We are living in uncertain economic times, and if companies in the industry want to become more successful in the future, they need to find new ways of doing things, become more appealing to their employees, satisfy their shareholders and investors, maintain customer loyalty, and regain public trust.

One key way to achieve future and long-term success is to drive cultural change. Leadership, a diverse pool of talent, and responsible behaviour and culture at board level will all be essential to the delivery of future success.

Effective leadership and management are the main levers for driving cultural change within organisations. There is evidence to suggest that company directors are keen to shift mind-sets and behaviours.

However, preservation of tried and tested models and traditional values are just as important to some of them. The key here is to keep the models and values that work, while incorporating new ways of doing things and gaining a fresh perspective.

Company boards now have an opportunity to change culture by getting involved in a consultation on voluntary standards, derived from best practice in the industry, which will raise the quality of corporate governance, specifically of boardroom leadership.

This set of voluntary standards is part of a wider programme called Leadership 21st Century, which has been created by the industry, for the industry.
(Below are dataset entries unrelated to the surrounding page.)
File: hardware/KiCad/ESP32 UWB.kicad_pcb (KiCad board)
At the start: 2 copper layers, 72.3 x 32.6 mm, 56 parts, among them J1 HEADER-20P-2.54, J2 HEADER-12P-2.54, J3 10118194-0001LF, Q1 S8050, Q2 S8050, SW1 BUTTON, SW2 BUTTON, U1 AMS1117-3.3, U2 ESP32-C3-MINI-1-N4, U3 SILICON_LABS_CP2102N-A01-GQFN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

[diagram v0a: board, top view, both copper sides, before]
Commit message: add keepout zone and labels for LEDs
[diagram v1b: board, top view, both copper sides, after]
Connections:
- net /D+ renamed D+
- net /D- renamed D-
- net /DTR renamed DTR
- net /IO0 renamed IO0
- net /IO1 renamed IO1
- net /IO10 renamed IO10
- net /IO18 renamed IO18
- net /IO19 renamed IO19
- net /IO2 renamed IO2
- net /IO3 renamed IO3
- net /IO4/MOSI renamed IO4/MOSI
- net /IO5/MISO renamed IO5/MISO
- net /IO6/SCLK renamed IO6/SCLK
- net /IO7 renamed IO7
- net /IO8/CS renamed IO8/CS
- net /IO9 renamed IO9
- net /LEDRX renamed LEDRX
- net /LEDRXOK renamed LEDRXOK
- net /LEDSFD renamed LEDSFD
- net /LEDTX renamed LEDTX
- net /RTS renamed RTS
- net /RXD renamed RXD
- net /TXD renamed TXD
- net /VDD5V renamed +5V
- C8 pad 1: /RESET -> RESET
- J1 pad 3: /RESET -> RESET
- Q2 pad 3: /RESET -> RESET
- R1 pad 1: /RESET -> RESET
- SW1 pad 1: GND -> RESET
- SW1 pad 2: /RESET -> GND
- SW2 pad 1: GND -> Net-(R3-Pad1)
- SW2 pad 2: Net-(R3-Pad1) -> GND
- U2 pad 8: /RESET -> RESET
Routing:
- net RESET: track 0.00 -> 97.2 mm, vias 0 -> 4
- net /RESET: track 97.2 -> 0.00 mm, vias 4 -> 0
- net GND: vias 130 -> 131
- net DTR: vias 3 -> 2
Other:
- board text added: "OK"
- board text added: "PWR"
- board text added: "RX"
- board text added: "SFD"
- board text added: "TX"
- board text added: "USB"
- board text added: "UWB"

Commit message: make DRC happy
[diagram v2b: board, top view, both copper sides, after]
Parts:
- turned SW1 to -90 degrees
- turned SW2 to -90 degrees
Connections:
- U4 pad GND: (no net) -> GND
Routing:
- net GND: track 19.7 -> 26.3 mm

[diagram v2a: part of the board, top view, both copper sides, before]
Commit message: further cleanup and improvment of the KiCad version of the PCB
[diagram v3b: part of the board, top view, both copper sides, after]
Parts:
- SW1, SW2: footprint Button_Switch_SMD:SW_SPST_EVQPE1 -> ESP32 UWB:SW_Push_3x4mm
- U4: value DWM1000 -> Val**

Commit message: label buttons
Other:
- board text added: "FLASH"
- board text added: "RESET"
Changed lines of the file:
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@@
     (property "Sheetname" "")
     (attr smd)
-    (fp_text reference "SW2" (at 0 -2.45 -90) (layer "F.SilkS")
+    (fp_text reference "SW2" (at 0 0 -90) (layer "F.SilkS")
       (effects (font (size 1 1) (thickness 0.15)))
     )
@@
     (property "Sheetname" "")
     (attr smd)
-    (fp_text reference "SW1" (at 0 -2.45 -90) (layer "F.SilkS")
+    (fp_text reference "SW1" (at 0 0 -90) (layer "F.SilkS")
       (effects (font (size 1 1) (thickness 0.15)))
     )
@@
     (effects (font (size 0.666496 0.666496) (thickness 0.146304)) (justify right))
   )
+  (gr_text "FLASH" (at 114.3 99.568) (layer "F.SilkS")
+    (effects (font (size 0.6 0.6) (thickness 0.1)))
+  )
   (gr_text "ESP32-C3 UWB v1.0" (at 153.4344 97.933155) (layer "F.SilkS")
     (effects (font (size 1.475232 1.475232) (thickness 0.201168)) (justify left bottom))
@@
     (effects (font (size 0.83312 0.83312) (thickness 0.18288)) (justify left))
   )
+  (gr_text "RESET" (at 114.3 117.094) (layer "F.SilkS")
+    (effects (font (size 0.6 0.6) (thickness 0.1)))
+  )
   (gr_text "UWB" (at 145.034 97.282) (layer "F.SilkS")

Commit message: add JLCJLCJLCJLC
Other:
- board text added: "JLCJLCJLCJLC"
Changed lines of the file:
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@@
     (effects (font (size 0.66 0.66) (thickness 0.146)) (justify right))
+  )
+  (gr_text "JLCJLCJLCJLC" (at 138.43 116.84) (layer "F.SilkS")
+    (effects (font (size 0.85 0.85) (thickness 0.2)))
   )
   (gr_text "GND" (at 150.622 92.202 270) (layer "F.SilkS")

The Financial Skills Partnership has been working with employers, major industry bodies such as the British Bankers Association, the Association of British Insurers, the regulators, the Financial Services Association and the Financial Reporting Council, to compile the industry’s experience of good board leadership into one set of good practice standards.

The aim of this voluntary set of standards is to provide direction and guidance, as well as tools and solutions, to assist firms with improving the effectiveness of their board performance and corporate leadership.

If customers are to regain their confidence in the sector and the products and services it provides, and hence maintain loyalty to the companies with whom they do business, it is crucial that board effectiveness and corporate leadership are improved in all organisations in our sector not just leading edge employers. Essentially, these standards are designed to help companies see clearly what a good standard of application would look like in each area of responsibility.

Modelling

To be lasting, cultural change needs to be modelled by boards and visible at board-level. By modelling these qualities, boards have the opportunity to build more robust and stable organisations, and to ensure that ‘everybody sings from the same hymn sheet’.

Transparency and accountability are tremendously helpful in fostering a culture in which board members and executive are empowered to contribute of their very best. An openness to new ideas is essential to good corporate governance and will bring about a culture in which decisions are based on sound evidence and are made in the best interests of the company, its shareholders, customers and employees.

Our work with employers shows us that boards which embody transparency, accountability and communication, listen to management and are interested in employee engagement in general, will have the best chance of survival in the long-term in the marketplace.

They will be also be able to grow and successfully compete not only in tough times but also when the economy picks up. With the marketplace constantly changing, businesses need to be prepared to move with the times, and dynamism and innovation are essential for success during the changes.

The Leadership 21st Century initiative could not have come at a better time. The industry’s statutory and regulatory landscapes are both about to be significantly changed. The Financial Services Authority will cease to exist on 1st April and will be replaced by the new Prudential Regulation Authority and the Financial Conduct Authority.

The new FCA will have greater powers, and its core focus will be on good conduct and on putting customers at the heart of all business. Additionally, the Banking Reform Bill is due to be on the statute books by 2015, once the recommendations of the Parliamentary Commission on Banking Standards have been taken into account.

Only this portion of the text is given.